84. The Eaten Heart: Unlikely Tales of Love

Do you ever read a book and realise you know the story you’re reading? Not because – as you may be assuming, that I have been the lead protagonist in a story about seducing nuns, or have dropped down dead on finding out my lover is dead, or being murdered by my lover’s jealous brothers. But I picked up this collection of Boccaccio’s tales quite innocently and was enjoying them thoroughly until I recognised the story that influenced Keats poem, Isabella; or the Pot of Basil.

It is at that point that I was overrun with nostalgia, missing my undergraduate days, and since reading this novel I must admit I’ve been revisiting some old friends like Keats and Coleridge.
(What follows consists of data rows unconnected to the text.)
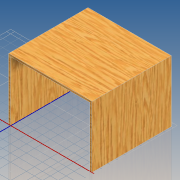
# Autodesk Inventor part: Tunnel
Saved by Autodesk Inventor 2020 (Build 240168000, 168)
## iProperties
Created: 2019-11-19
Part Number: Tunnel
Material: Generic
Document SubType Name: Modeling
Designer: Berkant
Density: 1 g/cm^3
Appearance: Default
Author: Berkant
Autodesk Inventor part; units mm, degrees
ref_plane "YZ Plane" through (0, 0, 0) normal (1, 0, 0) x (0, 1, 0)
ref_plane "XZ Plane" through (0, 0, 0) normal (0, 1, 0) x (-1, 0, 0)
ref_plane "XY Plane" through (0, 0, 0) normal (0, 0, 1) x (1, 0, 0)
sketch "Sketch1" plane through (0, 0, 0) normal (0, 0, 1) x (1, 0, 0)
  line L0 (0, 0) -> (400, 0)
  line L1 (400, 0) -> (400, 300)
  line L2 (400, 300) -> (0, 300)
  line L3 (0, 300) -> (0, 0)
  line L4 (0, 0) -> (-10, 0)
  line L5 (-10, 0) -> (410, 0)
  line L6 (410, 0) -> (410, 310)
  line L7 (410, 310) -> (-10, 310)
  line L8 (-10, 310) -> (-10, 0)
  dimension "d0" = 400
  dimension "d1" = 300
  dimension "d4" = 10
  constraints: 18 end point, 4 parallel, 3 horizontal, 2 perpendicular
  measures "d0" distance of L2.end L1.end
  measures "d1" distance of L1.end L0.end
  measures "d4" distance of L0.start L4.end
extrude "Extrusion1" add sketch "Sketch1" against normal blind 400
extrude "Extrusion2" cut sketch "Sketch1" against normal blind 400 contours L3 L2 L1 L0
body "Solid1"
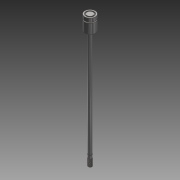
# Autodesk Inventor part: Rebuild Shooter NCDME075-0600 Rod
Saved by Autodesk Inventor 2014 SP1 (Build 180222100, 222)
## iProperties
Created: 2013-12-19
Part Number: Rebuild Shooter NCDME075-0600 Rod
Material: Stainless Steel
Document SubType Name: Modeling
Designer: Moses
Density: 8.08 g/cm^3
Appearance: Steel - Polished
Mass: 109.05 g
Surface Area: 67.6762 cm^2
Volume: 13.4963 cm^3
Author: Moses
Autodesk Inventor part; units mm, degrees
ref_plane "YZ Plane" through (0, 0, 0) normal (1, 0, 0) x (0, 1, 0)
ref_plane "XZ Plane" through (0, 0, 0) normal (0, 1, 0) x (-1, 0, 0)
ref_plane "XY Plane" through (0, 0, 0) normal (0, 0, 1) x (1, 0, 0)
sketch "Sketch1" plane through (0, 0, 0) normal (1, 0, 0) x (0, 1, 0)
  line L0 (0, 0) -> (0, 2.54)
  line L1 (0, 0) -> (235.6158, 0)
  line L2 (210.2158, 2.54) -> (210.2158, 3.175) construction
  line L3 (210.2158, 9.525) -> (227.6783, 9.525)
  line L4 (235.6158, 9.525) -> (235.6158, 7.1437)
  line L5 (12.7, 2.54) -> (12.7, 3.175)
  line L6 (12.7, 3.175) -> (18.415, 3.175)
  line L7 (19.05, 3.175) -> (19.05, 2.54)
  line L8 (19.05, 2.54) -> (18.415, 2.54)
  line L9 (18.415, 2.54) -> (18.415, 3.175)
  line L10 (210.2158, 7.1437) -> (211.0096, 7.1437)
  line L11 (210.2158, 5.5563) -> (211.0096, 5.5563)
  arc A0 (211.0096, 5.5563) -> (211.0096, 7.1437) centre (211.0096, 6.35) ccw
  line L12 (235.6158, 7.1437) -> (234.8221, 7.1437)
  line L13 (235.6158, 5.5563) -> (234.8221, 5.5563)
  arc A1 (234.8221, 7.1437) -> (234.8221, 5.5563) centre (234.8221, 6.35) ccw
  line L14 (234.8221, 6.35) -> (211.0096, 6.35) construction
  line L15 (227.6783, 9.525) -> (227.6783, 7.9375)
  line L16 (227.6783, 7.9375) -> (229.2658, 7.9375)
  line L17 (229.2658, 7.9375) -> (229.2658, 9.525)
  line L18 (229.2658, 9.525) -> (235.6158, 9.525)
  line L19 (227.6783, 9.525) -> (229.2658, 9.525)
  line L20 (19.05, 3.175) -> (210.2158, 3.175)
  line L21 (0, 2.54) -> (12.7, 2.54)
  line L22 (19.05, 2.54) -> (210.2158, 2.54) construction
  line L23 (12.7, 2.54) -> (18.415, 2.54) construction
  line L24 (210.2158, 3.175) -> (210.2158, 5.5563)
  line L25 (210.2158, 7.1437) -> (210.2158, 9.525)
  line L26 (210.2158, 5.5563) -> (210.2158, 7.1437) construction
  line L27 (235.6158, 7.1437) -> (235.6158, 5.5563) construction
  line L28 (235.6158, 5.5563) -> (235.6158, 0)
  dimension "d0" = 2.54
  dimension "d3" = 210.2158
  dimension "d4" = 25.4
  dimension "d5" = 9.525
  dimension "d22" = 0.635
  dimension "d23" = 12.7
  dimension "d27" = 0.635
  dimension "d28" = 5.715
  dimension "d32" = 1.5875
  dimension "d33" = 0.7937
  dimension "d35" = 12.7
  dimension "d36" = 1.5875
  dimension "d51" = 6.35
  dimension "d52" = 1.5875
  constraints: 58 end point, 16 horizontal, 11 vertical, 5 equal length, 4 point on circle, 3 point on line, 3 tangent, 2 centre point, 1 parallel
  measures "d0" distance of L0.end L0.start
  measures "d3" distance of L0.end L2.start
  measures "d4" distance of L4.start L3.start
  measures "d5" distance of L4.start L1.end
  measures "d22" distance of L5.start L5.end
  measures "d23" distance from line of L0.end L5
  measures "d27" distance of L6.end L7.start
  measures "d28" distance of L5.start L8.end
  measures "d32" distance of L10.start L11.start
  measures "d33" distance of L10.start L10.end
  measures "d35" diameter of L14.end L1
  measures "d36" distance of L4.end L13.start
  measures "d51" distance between parallel lines of L4 L17
  measures "d52" distance of L15.end L16.end
revolve "Revolution1" add sketch "Sketch1" angle 360 about axis through (0, 0, 0) along (0, 1, 0) contours L0 L21 L5 L6 L9 L8 L7 L20 L24 L11 A0 L10 L25 L3 L15 L16 L17 L18 L4 L12 A1 L13 L28 L1
sketch "Sketch4" plane through (0, 0, 0) normal (1, 0, 0) x (0, 1, 0)
  point P0 (0, 0)
sketch "Sketch5" plane through (0, 0, 0) normal (1, 0, 0) x (0, 1, 0)
  line L0 (0, 2.54) -> (12.7, 2.54) projected
  line L1 (0, 2.54) -> (-0.3666, 3.175)
  line L2 (-0.3666, 3.175) -> (-0.6206, 3.175)
  line L3 (-0.6206, 3.175) -> (-0.9872, 2.54)
  line L4 (-0.9872, 2.54) -> (0, 2.54)
  line L5 (0, -2.54) -> (0, 2.54) projected
  point P0 (0, 0)
  dimension "d37" = 0.254
  dimension "d38" = 60
  dimension "d39" = 0.635
  dimension "d53" = 0
  dimension "d54" = 0
  constraints: 8 end point, 2 horizontal, 1 equal length, 1 other
  measures "d37" distance of L1.end L2.end
  measures "d38" angle of L1 L3
  measures "d39" distance between parallel lines of L4 L2
  measures "d54" distance between parallel lines of L0 L4
coil "Coil2" sketch "Sketch5" operation add axis through (0, 6.35, 0) along (0, 1, 0) pitch 1.27 turns 11 hand right
sketch "Sketch6" plane through (0, 0, 0) normal (0, -1, 0) x (0.7652, 0, 0.6438)
  arc A0 (-1.6353, 1.9436) -> (1.6353, 1.9436) centre (0, 0) ccw projected
  circle A1 centre (0, 0) radius 2.54 projected
  circle A2 centre (0, 0) radius 6.35
  dimension "d48" = 12.7
  constraints: 1 centre point, 1 coincident
  measures "d48" diameter of A2
extrude "Extrusion3" cut sketch "Sketch6" along normal through all
equation "\"d52\" = d36"
body "Solid1"
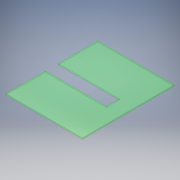
# Autodesk Inventor part: paddle collection ramp
Saved by Autodesk Inventor 2019 (Build 230136000, 136)
## iProperties
Created: 2018-11-13
Part Number: paddle collection ramp
Material: Generic
Document SubType Name: Modeling
Designer: User
Density: 1 g/cm^3
Appearance: Polycarbonate - Clear(1)
Author: User
Autodesk Inventor part; units mm, degrees
ref_plane "YZ Plane" through (0, 0, 0) normal (1, 0, 0) x (0, 1, 0)
ref_plane "XZ Plane" through (0, 0, 0) normal (0, 1, 0) x (-1, 0, 0)
ref_plane "XY Plane" through (0, 0, 0) normal (0, 0, 1) x (1, 0, 0)
sketch "Sketch1" plane through (0, 0, 0) normal (0, 1, 0) x (-1, 0, 0)
  line L0 (0, 0) -> (127, 0)
  line L1 (127, 0) -> (127, -152.4)
  line L2 (127, -152.4) -> (0, -152.4)
  line L3 (0, -152.4) -> (0, 0)
  line L4 (127, -65.405) -> (25.4, -65.405)
  line L5 (25.4, -65.405) -> (25.4, -86.995)
  line L6 (25.4, -86.995) -> (127, -86.995)
  line L7 (127, -86.995) -> (127, -65.405)
  dimension "d0" = 152.4
  dimension "d1" = 127
  dimension "d2" = 21.59
  dimension "d3" = 65.405
  dimension "d4" = 101.6
  constraints: 16 end point, 4 parallel, 2 horizontal, 2 perpendicular, 1 point on line
  measures "d0" distance of L0.end L1.end
  measures "d1" distance of L1.end L2.end
  measures "d2" distance between parallel lines of L6 L4
  measures "d3" distance between parallel lines of L2 L6
  measures "d4" distance of L4.start L4.end
extrude "Extrusion1" add sketch "Sketch1" along normal blind 1.8542 contours L0 L1 L4 L5 L6 L2 L3
equation "\"d3\" = -0.5 * d2 + 0.5 * d0"
body "Solid1"

Because they are so much more than ‘just’ Romantic poets for me now.

Head in Herbs is a story as you may expect from my brief outline to this post. It is a story of a woman in love and her lover is killed by her brothers. She sees this in a dream and heartbroken retrieves the head of her lover from the forest and hides it in the base of a pot of basil. Watering it with her tears daily.

The Eaten Heart: Unlikely Tales of Love – Giovanni Boccaccio

I am not entirely sure I would admit to being a bit of a romantic publicly but I have been enamoured with the likes of Keats and the other Romantics. So Boccaccio’s tales have qualities that I enjoy, they are relatively simple and perhaps I wasn’t paying close enough attention or was fooled entirely by a good translation – but they don’t feel as old as they are. The Eaten Heart is just a very small part of a larger work called Decameron (1349). The foreword of the Eaten Heart boasts that Decameron is “best known for its bawdy tales of love, appearing in all its possibilities from the erotic to the tragic.” And I must agree with that sentiment.

From what I’ve read in the Eaten Heart I would happily give time to Decameron as they are bold stories, unflinching from what can probably called artful postures of love and romance that make up the classic tradition with a healthy helping of drama. You must remember while reading these stories that you may be over come with a fit of fainting.

From what I’ve said about these stories it may not surprise you to hear then, that the first story in the Eaten Heart is about a man who manages to seduce an entire nunnery. Sowing the Seeds of Love is a little ridiculous story, comically playing out a scenario that involves a man posing as a deaf-mute gardener. He exerts all of his efforts, but alas the gardening begins to suffer as he does not have the energy for them all and ultimately confesses hi secret and negotiates for a permanent position with a timetable for the nuns. This turns out to be a very happy arrangement for all, and I couldn’t help myself, this story won me over entirely.

Sowing the Seeds of Love is probably my favourite out of the entire collection, a few of the others seemed a little of the same-same but this one was so entirely different from the rest of the tales that it really hooked me in. I must admit that I felt a little like I was reading this book to finish it at some points, but on the whole I enjoyed reading it and when I came to Head in Herbs I felt like I had finally filled in a gap in my knowledge. It is one thing to know Keats, but it is another entirely to say you have finally read the short story that influenced one of his well known poems – even if it is five years after this would’ve been useful.

This collection of tales is a shorter read, it will keep you gripped and interested if you have any interest in classics but it doesn’t feel so classic and convoluted that it is remote reading. As such I’m not sure how I’d feel recommending it, it’s easy to access but I could understand someone boring quickly if this is something very far out of what they usually read. But I guess, if you’ve loved Keats and the Romantics, or even read them a little, this is definitely of interest.